Introduction

In this deep dive you’ll learn how to leverage OpenShift AI to train a sample model in JupyterLab, deploy it, and enhance it through automated pipelines.

The model will be a fraud detection model trained to determine whether a transaction is fraudulent.

The fraud detection model example monitors credit card transactions to identify potential fraudulent activity. It evaluates the following transaction details stored in a CSV file:

The geographic distance between the current transaction and the previous one.
How does the current transaction amount compare to the median value of all the users' transactions?
The payment method used, such as the credit card’s hardware chip, PIN entry, or an online purchase.

Using this data, the model calculates the probability of fraudulent transactions.

OpenShift AI

In xref:01-setup.adoc#prerequisite, you registered for a Red Hat Sandbox account; after you log in to the Sandbox, under Available services, in the Red Hat OpenShift AI card, click Launch:

During this deep dive, you’ll need to access Red Hat OpenShift, too (not only OpenShift AI), so if you haven’t done so already during the setup section, click the Launch button under the Red Hat OpenShift card.

At the OpenShift AI dashboard, you should see something similar to the following figure, but with your username-dev as the project name:

If you are not using Red Hat Sandbox, create the project manually.

Then click on the project name to see the details of the project.

There are multiple tabs that we’ll explore during the deep dive, but they can be summarized as follows:

Workbenches are your development and experimentation environment, often equipped with integrated development environments (IDEs) like JupyterLab, RStudio, and Visual Studio Code.
Pipelines encompass the data science workflows that are executed within the project.
Models enable you to deploy trained models for real-time inference efficiently.
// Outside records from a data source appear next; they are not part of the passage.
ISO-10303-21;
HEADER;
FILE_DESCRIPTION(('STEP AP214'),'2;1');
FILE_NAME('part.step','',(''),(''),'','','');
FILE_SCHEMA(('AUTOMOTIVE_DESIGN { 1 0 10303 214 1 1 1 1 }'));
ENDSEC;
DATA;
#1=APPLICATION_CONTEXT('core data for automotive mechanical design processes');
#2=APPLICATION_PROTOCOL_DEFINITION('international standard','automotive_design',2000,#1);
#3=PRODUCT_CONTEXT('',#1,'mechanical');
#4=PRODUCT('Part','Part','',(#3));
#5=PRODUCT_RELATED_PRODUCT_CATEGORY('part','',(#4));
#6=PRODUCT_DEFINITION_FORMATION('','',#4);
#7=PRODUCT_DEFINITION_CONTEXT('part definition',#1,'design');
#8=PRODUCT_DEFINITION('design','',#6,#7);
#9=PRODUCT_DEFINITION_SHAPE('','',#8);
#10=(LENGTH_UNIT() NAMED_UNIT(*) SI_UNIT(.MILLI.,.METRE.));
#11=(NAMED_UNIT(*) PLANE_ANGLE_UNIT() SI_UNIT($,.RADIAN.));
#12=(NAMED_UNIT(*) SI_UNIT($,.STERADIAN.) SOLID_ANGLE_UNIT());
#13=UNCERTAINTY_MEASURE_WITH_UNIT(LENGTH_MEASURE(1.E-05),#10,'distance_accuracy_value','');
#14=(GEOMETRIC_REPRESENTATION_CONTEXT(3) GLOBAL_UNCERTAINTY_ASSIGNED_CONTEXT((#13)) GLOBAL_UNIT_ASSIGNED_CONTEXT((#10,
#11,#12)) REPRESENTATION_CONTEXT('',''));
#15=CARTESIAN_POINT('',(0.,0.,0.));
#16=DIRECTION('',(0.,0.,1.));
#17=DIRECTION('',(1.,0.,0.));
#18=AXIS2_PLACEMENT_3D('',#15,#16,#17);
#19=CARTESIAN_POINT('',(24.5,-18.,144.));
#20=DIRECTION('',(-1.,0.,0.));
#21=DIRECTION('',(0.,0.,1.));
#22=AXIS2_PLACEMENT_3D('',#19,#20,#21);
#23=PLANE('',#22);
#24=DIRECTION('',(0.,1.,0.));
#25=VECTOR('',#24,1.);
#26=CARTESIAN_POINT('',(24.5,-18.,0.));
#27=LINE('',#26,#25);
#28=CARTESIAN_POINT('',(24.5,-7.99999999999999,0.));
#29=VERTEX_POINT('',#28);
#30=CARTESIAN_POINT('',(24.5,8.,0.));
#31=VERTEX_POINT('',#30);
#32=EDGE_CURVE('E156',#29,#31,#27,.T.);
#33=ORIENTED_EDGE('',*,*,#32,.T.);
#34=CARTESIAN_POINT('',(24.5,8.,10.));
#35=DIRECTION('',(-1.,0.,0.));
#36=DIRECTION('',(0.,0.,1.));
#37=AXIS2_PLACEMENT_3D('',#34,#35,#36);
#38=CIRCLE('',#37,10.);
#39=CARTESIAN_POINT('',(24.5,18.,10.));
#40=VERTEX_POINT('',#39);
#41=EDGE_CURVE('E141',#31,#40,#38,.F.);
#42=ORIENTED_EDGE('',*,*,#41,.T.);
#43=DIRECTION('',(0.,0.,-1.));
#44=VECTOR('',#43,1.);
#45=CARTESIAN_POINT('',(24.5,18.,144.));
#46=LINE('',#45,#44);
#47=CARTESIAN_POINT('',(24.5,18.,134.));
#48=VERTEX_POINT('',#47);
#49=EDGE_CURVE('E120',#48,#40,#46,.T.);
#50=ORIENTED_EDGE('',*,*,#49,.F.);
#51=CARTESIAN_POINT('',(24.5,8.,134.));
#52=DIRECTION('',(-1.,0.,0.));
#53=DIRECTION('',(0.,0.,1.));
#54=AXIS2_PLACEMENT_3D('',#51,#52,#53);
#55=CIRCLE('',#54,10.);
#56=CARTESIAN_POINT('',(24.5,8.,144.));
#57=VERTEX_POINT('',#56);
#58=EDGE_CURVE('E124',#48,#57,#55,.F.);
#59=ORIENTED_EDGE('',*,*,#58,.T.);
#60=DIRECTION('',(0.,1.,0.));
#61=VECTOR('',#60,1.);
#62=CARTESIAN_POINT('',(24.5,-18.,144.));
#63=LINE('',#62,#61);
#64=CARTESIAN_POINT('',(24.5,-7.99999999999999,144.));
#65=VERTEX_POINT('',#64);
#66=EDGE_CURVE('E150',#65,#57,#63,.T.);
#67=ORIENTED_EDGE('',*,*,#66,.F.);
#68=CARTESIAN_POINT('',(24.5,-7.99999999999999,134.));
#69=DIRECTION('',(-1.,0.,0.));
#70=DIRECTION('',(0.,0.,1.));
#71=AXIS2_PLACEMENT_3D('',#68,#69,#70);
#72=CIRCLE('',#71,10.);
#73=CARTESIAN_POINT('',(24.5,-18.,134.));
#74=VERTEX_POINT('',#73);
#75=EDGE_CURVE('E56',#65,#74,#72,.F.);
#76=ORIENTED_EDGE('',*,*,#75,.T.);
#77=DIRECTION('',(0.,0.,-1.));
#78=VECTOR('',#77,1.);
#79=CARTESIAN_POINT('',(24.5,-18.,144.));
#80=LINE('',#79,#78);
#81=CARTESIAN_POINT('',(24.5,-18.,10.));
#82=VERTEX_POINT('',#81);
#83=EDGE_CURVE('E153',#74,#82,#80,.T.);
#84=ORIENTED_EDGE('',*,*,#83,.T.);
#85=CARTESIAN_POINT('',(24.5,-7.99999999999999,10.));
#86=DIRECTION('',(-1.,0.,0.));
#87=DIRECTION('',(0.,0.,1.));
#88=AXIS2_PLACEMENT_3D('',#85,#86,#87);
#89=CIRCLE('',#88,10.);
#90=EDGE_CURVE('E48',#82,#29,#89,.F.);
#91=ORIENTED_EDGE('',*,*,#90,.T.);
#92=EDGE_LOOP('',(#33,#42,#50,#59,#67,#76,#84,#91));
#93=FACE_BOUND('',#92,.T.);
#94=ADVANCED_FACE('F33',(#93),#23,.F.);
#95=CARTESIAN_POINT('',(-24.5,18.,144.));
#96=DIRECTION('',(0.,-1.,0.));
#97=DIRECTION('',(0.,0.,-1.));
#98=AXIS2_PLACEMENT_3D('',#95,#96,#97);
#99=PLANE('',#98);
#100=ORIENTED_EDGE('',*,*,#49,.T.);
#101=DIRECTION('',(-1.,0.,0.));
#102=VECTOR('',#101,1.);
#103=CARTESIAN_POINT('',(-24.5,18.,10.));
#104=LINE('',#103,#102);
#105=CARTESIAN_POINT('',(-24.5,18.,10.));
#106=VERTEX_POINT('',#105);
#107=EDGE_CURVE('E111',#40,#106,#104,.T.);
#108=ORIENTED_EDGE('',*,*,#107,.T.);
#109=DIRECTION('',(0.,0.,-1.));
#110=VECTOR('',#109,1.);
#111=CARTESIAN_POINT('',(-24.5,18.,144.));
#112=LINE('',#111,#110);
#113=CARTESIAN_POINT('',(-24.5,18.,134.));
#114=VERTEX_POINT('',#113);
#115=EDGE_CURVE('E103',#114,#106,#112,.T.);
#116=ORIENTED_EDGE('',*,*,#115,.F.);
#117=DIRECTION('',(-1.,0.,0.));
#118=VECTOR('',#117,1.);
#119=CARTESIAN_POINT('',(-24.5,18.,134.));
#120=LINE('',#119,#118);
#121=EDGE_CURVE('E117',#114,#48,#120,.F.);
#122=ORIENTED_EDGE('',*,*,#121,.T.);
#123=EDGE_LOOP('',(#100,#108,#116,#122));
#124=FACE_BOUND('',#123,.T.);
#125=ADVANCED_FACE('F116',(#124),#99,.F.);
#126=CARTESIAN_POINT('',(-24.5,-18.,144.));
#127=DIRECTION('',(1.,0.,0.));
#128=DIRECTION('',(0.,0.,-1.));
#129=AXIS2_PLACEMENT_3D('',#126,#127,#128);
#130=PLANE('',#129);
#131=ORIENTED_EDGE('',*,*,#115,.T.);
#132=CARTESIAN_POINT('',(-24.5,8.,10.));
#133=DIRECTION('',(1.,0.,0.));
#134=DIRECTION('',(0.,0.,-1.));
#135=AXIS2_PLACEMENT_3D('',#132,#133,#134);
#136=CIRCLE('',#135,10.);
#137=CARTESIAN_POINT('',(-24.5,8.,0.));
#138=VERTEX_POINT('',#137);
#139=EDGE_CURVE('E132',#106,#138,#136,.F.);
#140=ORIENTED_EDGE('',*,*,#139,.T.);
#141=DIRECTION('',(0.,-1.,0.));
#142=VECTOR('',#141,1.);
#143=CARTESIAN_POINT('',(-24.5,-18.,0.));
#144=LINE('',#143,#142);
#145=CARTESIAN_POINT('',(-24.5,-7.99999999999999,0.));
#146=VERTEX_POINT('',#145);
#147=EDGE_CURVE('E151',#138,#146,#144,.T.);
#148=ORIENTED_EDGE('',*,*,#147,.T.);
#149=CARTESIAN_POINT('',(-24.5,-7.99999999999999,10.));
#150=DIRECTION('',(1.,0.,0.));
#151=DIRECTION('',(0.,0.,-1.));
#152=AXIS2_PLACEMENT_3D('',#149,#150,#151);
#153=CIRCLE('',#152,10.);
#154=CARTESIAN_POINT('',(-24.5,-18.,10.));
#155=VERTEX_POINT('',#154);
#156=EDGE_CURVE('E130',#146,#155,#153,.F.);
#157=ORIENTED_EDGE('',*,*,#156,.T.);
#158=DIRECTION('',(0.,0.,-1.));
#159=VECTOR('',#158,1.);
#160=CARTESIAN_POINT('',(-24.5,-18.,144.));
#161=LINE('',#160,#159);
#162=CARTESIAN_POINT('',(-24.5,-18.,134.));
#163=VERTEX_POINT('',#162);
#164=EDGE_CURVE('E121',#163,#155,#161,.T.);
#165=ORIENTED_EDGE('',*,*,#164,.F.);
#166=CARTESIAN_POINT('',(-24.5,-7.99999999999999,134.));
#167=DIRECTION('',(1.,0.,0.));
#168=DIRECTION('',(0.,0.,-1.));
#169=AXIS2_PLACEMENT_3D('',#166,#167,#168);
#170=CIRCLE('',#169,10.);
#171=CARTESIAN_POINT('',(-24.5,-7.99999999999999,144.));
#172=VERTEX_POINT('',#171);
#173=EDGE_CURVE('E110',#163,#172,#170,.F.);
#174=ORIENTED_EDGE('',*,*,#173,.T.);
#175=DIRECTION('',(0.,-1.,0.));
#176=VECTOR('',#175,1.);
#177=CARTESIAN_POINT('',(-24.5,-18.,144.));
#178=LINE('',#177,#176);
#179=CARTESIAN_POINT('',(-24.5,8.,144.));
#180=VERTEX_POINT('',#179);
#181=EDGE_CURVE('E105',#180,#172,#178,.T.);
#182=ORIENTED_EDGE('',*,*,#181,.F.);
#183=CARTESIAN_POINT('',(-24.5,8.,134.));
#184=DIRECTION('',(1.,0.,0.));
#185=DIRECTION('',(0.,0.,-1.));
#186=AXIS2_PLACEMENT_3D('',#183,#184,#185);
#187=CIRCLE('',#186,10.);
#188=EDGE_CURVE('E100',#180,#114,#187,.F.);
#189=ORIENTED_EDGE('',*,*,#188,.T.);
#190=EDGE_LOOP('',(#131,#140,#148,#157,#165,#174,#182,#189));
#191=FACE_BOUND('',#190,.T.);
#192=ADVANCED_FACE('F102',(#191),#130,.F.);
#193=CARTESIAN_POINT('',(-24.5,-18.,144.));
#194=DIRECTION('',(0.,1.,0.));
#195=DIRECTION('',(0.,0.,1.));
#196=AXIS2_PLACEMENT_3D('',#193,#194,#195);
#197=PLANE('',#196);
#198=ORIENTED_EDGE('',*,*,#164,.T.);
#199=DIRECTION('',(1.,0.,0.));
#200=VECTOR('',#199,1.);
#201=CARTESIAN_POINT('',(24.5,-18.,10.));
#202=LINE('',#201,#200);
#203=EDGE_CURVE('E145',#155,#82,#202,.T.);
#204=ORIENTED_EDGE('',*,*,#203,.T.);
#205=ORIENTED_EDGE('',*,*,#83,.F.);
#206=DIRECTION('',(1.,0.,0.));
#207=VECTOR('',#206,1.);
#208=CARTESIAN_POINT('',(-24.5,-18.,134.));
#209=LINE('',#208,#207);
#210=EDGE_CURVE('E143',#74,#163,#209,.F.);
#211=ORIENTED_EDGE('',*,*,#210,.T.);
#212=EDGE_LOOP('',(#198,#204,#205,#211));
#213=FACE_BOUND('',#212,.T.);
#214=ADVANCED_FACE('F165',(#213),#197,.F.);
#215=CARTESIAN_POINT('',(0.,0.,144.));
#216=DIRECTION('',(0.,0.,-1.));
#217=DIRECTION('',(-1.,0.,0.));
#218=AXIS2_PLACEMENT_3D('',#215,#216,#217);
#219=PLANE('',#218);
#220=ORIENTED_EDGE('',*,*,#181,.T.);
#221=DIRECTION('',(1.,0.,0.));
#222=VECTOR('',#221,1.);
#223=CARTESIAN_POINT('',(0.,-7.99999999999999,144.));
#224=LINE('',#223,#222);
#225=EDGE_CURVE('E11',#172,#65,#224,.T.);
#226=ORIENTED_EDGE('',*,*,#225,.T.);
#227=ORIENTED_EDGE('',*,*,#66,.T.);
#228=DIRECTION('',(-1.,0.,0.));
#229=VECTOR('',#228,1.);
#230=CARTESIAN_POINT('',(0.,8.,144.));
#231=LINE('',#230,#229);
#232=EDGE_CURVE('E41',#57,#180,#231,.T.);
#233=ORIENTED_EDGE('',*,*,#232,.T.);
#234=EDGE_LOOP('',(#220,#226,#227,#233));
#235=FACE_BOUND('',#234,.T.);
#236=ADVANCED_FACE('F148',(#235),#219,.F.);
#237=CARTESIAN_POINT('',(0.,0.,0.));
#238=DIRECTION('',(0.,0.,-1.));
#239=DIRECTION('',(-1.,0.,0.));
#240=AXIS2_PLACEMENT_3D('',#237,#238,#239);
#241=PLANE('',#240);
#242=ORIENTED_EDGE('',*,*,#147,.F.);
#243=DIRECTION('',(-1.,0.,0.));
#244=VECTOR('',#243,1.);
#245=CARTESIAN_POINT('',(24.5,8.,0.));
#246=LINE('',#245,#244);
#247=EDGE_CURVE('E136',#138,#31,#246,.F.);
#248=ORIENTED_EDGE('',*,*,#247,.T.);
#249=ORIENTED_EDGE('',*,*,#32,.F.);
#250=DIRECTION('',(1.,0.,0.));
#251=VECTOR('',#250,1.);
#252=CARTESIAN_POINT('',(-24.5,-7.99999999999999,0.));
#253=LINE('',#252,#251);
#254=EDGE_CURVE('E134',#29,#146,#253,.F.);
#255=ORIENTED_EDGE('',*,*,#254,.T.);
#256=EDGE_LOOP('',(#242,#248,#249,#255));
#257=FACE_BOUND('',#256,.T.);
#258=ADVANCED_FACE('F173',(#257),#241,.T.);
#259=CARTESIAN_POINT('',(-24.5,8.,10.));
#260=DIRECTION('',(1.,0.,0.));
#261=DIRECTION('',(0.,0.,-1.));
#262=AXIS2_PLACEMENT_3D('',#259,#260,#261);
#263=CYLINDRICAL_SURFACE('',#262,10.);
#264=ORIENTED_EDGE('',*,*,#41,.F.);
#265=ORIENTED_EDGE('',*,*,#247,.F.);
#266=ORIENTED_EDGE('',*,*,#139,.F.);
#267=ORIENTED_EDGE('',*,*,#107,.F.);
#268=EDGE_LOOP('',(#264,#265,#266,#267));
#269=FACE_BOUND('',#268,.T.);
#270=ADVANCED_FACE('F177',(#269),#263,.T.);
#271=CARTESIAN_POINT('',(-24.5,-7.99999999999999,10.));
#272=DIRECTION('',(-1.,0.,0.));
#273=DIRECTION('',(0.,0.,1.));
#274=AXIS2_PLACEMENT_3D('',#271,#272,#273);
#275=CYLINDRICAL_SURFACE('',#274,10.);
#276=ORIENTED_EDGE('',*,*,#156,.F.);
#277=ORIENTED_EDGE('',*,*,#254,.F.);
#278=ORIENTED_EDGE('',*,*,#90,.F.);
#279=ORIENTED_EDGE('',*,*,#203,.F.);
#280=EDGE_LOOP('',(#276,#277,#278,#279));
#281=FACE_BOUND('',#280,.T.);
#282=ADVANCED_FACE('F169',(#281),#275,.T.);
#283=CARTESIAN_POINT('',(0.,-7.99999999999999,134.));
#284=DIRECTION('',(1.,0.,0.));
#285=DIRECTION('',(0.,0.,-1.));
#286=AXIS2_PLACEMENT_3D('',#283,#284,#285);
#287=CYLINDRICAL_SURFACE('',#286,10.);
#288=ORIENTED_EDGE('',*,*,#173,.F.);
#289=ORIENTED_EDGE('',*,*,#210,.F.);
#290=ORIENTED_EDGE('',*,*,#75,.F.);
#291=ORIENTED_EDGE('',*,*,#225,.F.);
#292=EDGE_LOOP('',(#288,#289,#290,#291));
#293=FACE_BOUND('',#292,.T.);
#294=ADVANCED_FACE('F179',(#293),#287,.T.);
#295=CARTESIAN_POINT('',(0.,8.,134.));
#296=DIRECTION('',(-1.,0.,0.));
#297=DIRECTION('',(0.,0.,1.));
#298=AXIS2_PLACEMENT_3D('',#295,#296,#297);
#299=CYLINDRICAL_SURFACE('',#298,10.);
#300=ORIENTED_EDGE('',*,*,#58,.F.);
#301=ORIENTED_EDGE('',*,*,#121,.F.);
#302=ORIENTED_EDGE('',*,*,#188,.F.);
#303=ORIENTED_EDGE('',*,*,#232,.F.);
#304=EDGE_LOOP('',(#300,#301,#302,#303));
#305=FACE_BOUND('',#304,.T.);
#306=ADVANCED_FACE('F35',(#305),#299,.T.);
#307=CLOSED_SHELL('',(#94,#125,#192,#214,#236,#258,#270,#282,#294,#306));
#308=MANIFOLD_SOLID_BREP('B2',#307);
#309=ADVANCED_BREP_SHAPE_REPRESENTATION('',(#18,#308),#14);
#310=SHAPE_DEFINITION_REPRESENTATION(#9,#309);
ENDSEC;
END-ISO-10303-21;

A single data science project can support multiple model servers, each capable of hosting several models.
Cluster storage provides a persistent volume that retains the files and data you work on within a workbench. Each workbench can access one or more cluster storage instances.
Connections store the configuration parameters to link to data sources, such as an S3 object bucket.
Permissions determine which users and groups can access the project and its resources.

Before starting to use the AI part per se, you need to create a repository for storing the trained model and the pipeline artifacts. This repository can be an AWS S3 object storage bucket.

For this deep dive, you’ll deploy a Minio instance, which offers a compatible AWS S3 API, but you deploy it locally.

Minio

To install Minio, go to the OpenShift console (you opened at the beginning of the deep dive), go to Developers View, and then open Web Console by pushing the icon located at the top-right of the menu:

When you click the icon, a bottom window is opened where you can type oc commands.

Inside the terminal, run the following command:

oc apply -f https://github.com/rh-aiservices-bu/fraud-detection/raw/main/setup/setup-s3.yaml

This manifest installs and configures Minio and creates Kubernetes Secrets to access this instance.

After some seconds, the Minio instance is up and running, and you can go back to the OpenShift AI tab.